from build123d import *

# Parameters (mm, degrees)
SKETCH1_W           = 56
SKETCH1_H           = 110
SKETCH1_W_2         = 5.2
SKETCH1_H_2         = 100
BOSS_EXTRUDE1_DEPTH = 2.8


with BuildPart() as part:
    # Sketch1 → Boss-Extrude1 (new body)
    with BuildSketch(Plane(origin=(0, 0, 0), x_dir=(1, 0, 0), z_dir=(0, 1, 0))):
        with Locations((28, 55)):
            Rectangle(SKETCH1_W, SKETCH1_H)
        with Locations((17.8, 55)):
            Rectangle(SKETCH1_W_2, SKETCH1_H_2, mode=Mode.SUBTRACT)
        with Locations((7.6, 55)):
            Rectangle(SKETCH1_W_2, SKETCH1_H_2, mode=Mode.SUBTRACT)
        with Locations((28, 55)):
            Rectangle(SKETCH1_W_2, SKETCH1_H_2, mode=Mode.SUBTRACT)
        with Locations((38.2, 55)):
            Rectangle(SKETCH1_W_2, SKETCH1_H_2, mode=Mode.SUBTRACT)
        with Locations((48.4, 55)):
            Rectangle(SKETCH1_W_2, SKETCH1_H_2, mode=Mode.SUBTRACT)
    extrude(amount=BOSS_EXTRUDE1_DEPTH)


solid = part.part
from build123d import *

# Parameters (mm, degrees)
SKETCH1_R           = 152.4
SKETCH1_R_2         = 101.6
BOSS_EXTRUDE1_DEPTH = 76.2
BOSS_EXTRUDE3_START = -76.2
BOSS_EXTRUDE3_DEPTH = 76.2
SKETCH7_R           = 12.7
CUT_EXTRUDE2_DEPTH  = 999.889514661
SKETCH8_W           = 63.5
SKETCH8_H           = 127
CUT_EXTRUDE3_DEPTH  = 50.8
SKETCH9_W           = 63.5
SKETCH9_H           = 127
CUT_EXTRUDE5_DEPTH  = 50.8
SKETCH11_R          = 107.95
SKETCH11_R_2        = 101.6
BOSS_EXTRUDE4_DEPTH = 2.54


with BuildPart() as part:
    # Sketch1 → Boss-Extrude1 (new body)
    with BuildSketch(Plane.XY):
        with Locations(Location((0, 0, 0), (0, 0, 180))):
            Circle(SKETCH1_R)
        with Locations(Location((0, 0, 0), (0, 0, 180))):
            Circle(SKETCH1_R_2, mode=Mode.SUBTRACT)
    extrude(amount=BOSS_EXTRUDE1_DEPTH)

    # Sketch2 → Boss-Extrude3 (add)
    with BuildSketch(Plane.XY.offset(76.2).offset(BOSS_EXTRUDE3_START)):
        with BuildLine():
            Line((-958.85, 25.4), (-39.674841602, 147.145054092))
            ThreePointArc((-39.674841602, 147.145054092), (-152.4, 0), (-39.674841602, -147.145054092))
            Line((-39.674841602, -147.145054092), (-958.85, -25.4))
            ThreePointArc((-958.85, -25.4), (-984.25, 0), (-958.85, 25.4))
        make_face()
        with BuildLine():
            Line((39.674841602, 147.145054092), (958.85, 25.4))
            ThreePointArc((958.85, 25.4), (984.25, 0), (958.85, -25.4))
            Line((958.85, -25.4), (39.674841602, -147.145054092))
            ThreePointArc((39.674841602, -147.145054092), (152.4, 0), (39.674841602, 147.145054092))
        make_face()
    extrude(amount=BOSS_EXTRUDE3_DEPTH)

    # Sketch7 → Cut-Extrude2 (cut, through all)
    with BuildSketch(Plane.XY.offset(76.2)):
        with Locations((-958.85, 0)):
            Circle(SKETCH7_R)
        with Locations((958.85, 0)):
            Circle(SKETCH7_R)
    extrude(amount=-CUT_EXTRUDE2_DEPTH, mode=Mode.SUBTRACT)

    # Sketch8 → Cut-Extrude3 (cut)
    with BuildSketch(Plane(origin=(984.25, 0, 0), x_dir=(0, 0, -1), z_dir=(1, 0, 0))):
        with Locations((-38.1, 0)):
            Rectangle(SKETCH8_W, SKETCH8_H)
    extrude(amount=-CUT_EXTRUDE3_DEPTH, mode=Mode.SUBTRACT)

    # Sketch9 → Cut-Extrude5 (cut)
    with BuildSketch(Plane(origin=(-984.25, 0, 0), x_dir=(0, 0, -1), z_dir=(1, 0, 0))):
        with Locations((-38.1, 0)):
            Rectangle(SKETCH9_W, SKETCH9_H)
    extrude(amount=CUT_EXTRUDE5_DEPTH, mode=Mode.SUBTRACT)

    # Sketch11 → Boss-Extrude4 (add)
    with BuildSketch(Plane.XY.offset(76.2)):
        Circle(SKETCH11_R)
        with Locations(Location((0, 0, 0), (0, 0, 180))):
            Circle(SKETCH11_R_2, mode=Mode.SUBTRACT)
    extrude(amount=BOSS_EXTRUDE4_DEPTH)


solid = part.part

◇ ◇ ◇ ◇

#### Exercise
All of the material above needs repeating. Keep it exact.

#### Your response
from build123d import *

# Parameters (mm, degrees)
SKETCH1_W           = 56
SKETCH1_H           = 110
SKETCH1_W_2         = 5.2
SKETCH1_H_2         = 100
BOSS_EXTRUDE1_DEPTH = 2.8


with BuildPart() as part:
    # Sketch1 → Boss-Extrude1 (new body)
    with BuildSketch(Plane(origin=(0, 0, 0), x_dir=(1, 0, 0), z_dir=(0, 1, 0))):
        with Locations((28, 55)):
            Rectangle(SKETCH1_W, SKETCH1_H)
        with Locations((17.8, 55)):
            Rectangle(SKETCH1_W_2, SKETCH1_H_2, mode=Mode.SUBTRACT)
        with Locations((7.6, 55)):
            Rectangle(SKETCH1_W_2, SKETCH1_H_2, mode=Mode.SUBTRACT)
        with Locations((28, 55)):
            Rectangle(SKETCH1_W_2, SKETCH1_H_2, mode=Mode.SUBTRACT)
        with Locations((38.2, 55)):
            Rectangle(SKETCH1_W_2, SKETCH1_H_2, mode=Mode.SUBTRACT)
        with Locations((48.4, 55)):
            Rectangle(SKETCH1_W_2, SKETCH1_H_2, mode=Mode.SUBTRACT)
    extrude(amount=BOSS_EXTRUDE1_DEPTH)


solid = part.part
from build123d import *

# Parameters (mm, degrees)
SKETCH1_R           = 152.4
SKETCH1_R_2         = 101.6
BOSS_EXTRUDE1_DEPTH = 76.2
BOSS_EXTRUDE3_START = -76.2
BOSS_EXTRUDE3_DEPTH = 76.2
SKETCH7_R           = 12.7
CUT_EXTRUDE2_DEPTH  = 999.889514661
SKETCH8_W           = 63.5
SKETCH8_H           = 127
CUT_EXTRUDE3_DEPTH  = 50.8
SKETCH9_W           = 63.5
SKETCH9_H           = 127
CUT_EXTRUDE5_DEPTH  = 50.8
SKETCH11_R          = 107.95
SKETCH11_R_2        = 101.6
BOSS_EXTRUDE4_DEPTH = 2.54


with BuildPart() as part:
    # Sketch1 → Boss-Extrude1 (new body)
    with BuildSketch(Plane.XY):
        with Locations(Location((0, 0, 0), (0, 0, 180))):
            Circle(SKETCH1_R)
        with Locations(Location((0, 0, 0), (0, 0, 180))):
            Circle(SKETCH1_R_2, mode=Mode.SUBTRACT)
    extrude(amount=BOSS_EXTRUDE1_DEPTH)

    # Sketch2 → Boss-Extrude3 (add)
    with BuildSketch(Plane.XY.offset(76.2).offset(BOSS_EXTRUDE3_START)):
        with BuildLine():
            Line((-958.85, 25.4), (-39.674841602, 147.145054092))
            ThreePointArc((-39.674841602, 147.145054092), (-152.4, 0), (-39.674841602, -147.145054092))
            Line((-39.674841602, -147.145054092), (-958.85, -25.4))
            ThreePointArc((-958.85, -25.4), (-984.25, 0), (-958.85, 25.4))
        make_face()
        with BuildLine():
            Line((39.674841602, 147.145054092), (958.85, 25.4))
            ThreePointArc((958.85, 25.4), (984.25, 0), (958.85, -25.4))
            Line((958.85, -25.4), (39.674841602, -147.145054092))
            ThreePointArc((39.674841602, -147.145054092), (152.4, 0), (39.674841602, 147.145054092))
        make_face()
    extrude(amount=BOSS_EXTRUDE3_DEPTH)

    # Sketch7 → Cut-Extrude2 (cut, through all)
    with BuildSketch(Plane.XY.offset(76.2)):
        with Locations((-958.85, 0)):
            Circle(SKETCH7_R)
        with Locations((958.85, 0)):
            Circle(SKETCH7_R)
    extrude(amount=-CUT_EXTRUDE2_DEPTH, mode=Mode.SUBTRACT)

    # Sketch8 → Cut-Extrude3 (cut)
    with BuildSketch(Plane(origin=(984.25, 0, 0), x_dir=(0, 0, -1), z_dir=(1, 0, 0))):
        with Locations((-38.1, 0)):
            Rectangle(SKETCH8_W, SKETCH8_H)
    extrude(amount=-CUT_EXTRUDE3_DEPTH, mode=Mode.SUBTRACT)

    # Sketch9 → Cut-Extrude5 (cut)
    with BuildSketch(Plane(origin=(-984.25, 0, 0), x_dir=(0, 0, -1), z_dir=(1, 0, 0))):
        with Locations((-38.1, 0)):
            Rectangle(SKETCH9_W, SKETCH9_H)
    extrude(amount=CUT_EXTRUDE5_DEPTH, mode=Mode.SUBTRACT)

    # Sketch11 → Boss-Extrude4 (add)
    with BuildSketch(Plane.XY.offset(76.2)):
        Circle(SKETCH11_R)
        with Locations(Location((0, 0, 0), (0, 0, 180))):
            Circle(SKETCH11_R_2, mode=Mode.SUBTRACT)
    extrude(amount=BOSS_EXTRUDE4_DEPTH)


solid = part.part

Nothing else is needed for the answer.